If this is not an appropriate answer to your question, could you please explain your question again in more detail?

Understanding the compute requirement at train time is equally important. We don't know how much training time is required per step and in total and how it compares with other baselines that the authors have compared with. It'll also be useful to know the additional # of parameters added through the gradient parameterization.

For meta-training, we use approximately 10 hours for 2000 updates of meta-parameters on a single NVIDIA RTX A6000 GPU. It is important to note that we meta-train only once for all experiments in the paper since we aimed to meta-train the sampler which is transferable to various tasks. Therefore, it is unfair for our method to compare the wall clock time including meta-training time with other baselines.

Our meta-learner consists of 2 layer MLP with 32 hidden nodes. This neural network takes a 9-dimensional input and output 2-dimensional vector so the additional number of parameters is 1442. This neural network is applied to each dimension of the inner-parameter independently. L2E takes about 1.2~1.5 times more wall clock time than CSGMCMC for one step update according to Table 18.

I think there will be some tradeoff between the number of samples we generate in the inner loop to compute L and final convergence in terms of how quickly we converge and quality of the posterior samples. Running an ablation on the number of samples we generate in the inner loop would also be useful for practitioners who would be interested in using this approach.

We have added ablation experiments in Appendix C.3. for the number of samples in the inner loop. As you expected, we confirm that generating a smaller number of samples during inner-loop harms the convergence of the sampler in evaluation tasks. When the inner loop is too short, the sampler may not sufficiently learn information about the loss surface in low-loss regions during meta-training. Then, the sampler will fail to learn desirable properties such as exploration in minima or fast convergence.

I do like this paper overall and I think it has shown some interesting results. I have listed my comments that I'd like the authors to address in the weaknesses section. Also, it'll be useful if the author can provide some insights on how to speed up their algorithm and make it more efficient. For e.g., would warm starting with an SGD estimate in the meta-learning framework help?

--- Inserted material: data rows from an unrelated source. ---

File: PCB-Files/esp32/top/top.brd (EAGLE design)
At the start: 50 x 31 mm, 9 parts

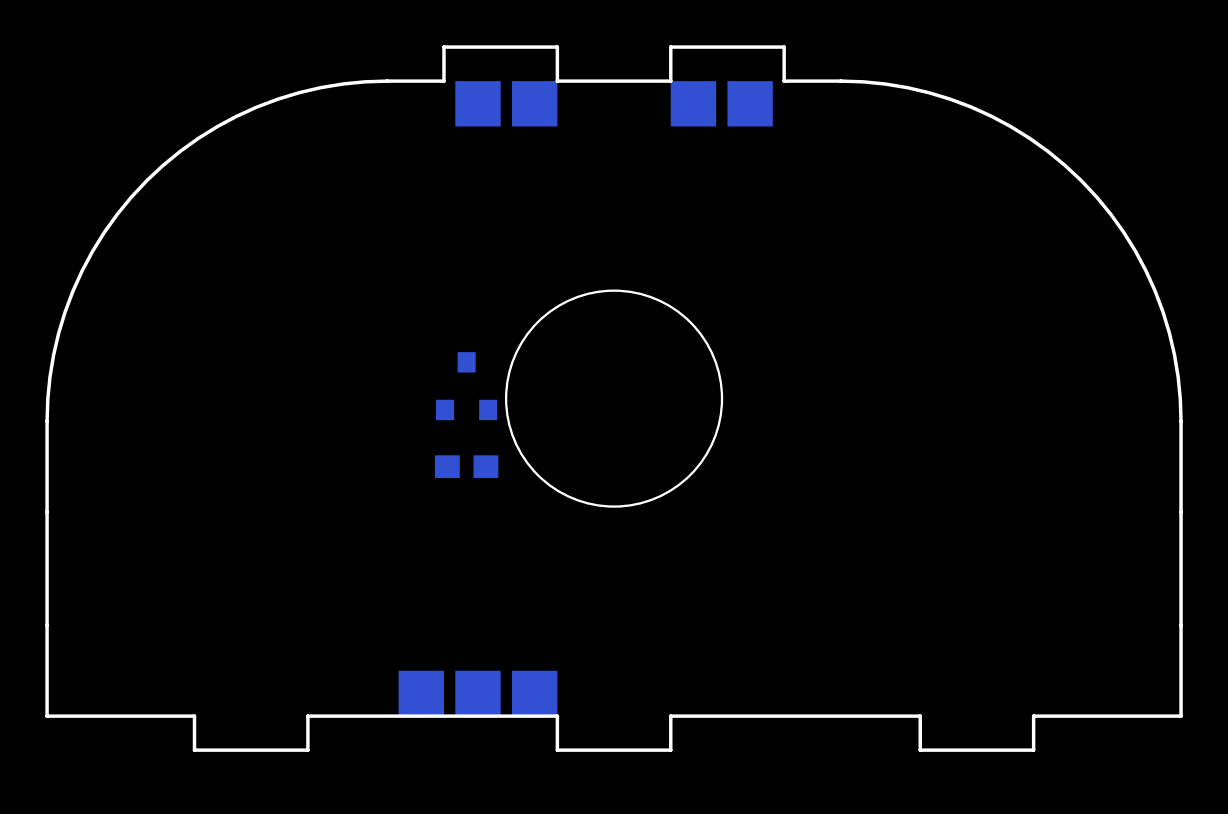
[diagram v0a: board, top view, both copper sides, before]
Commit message: basic layout; dimension for toothed joints
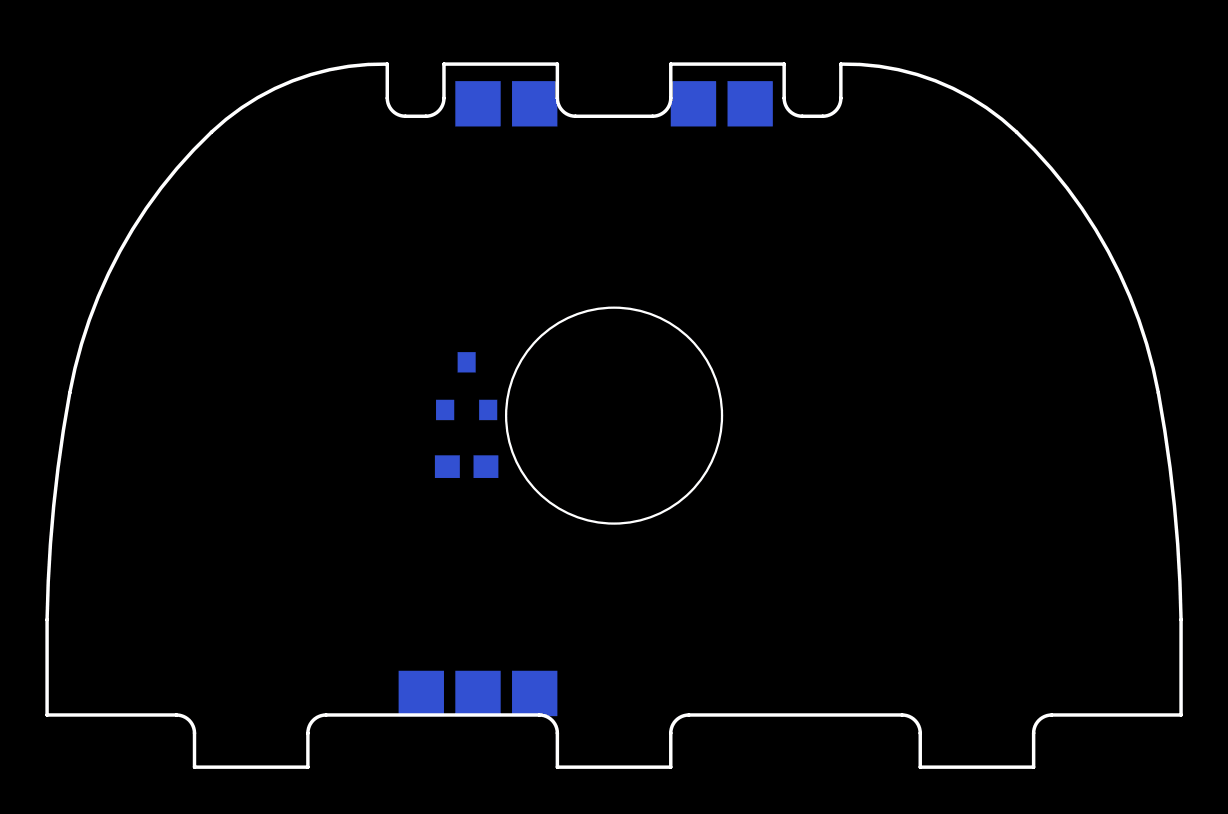
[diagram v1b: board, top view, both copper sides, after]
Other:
- outline, holes or cut-outs redrawn

We can speed up L2E by reducing the thinning interval. As shown in Figure 19, while CSGMCMC shows performance drop as the thinning interval decreases, L2E can maintain a similar level of accuracy and diversity with shorter thinning interval. Specifically, L2E maintains performance even when reducing the thinning interval from 50 epochs to 10 epochs for both CIFAR-10 and CIFAR-100. L2E outperforms CSGMCMC's 5100 epochs performance with just 1100 epochs.

Furthermore, L2E may benefit from using burn-in epochs with SGD, as it allows for warm starting with SGD and immediate sample collection using L2E to traverse high density regions between different modes. Additionally, since our approach shares some similarities with other SGMCMC in parameterization, we can apply techniques such as LR warm-up or LR scheduling. In other words, existing techniques for accelerating training can be applied to L2E so L2E has great potential in terms of efficiency and scalability. In conclusion, based on these insights and results, L2E has numerous ways to achieve speed up and potentially efficiency.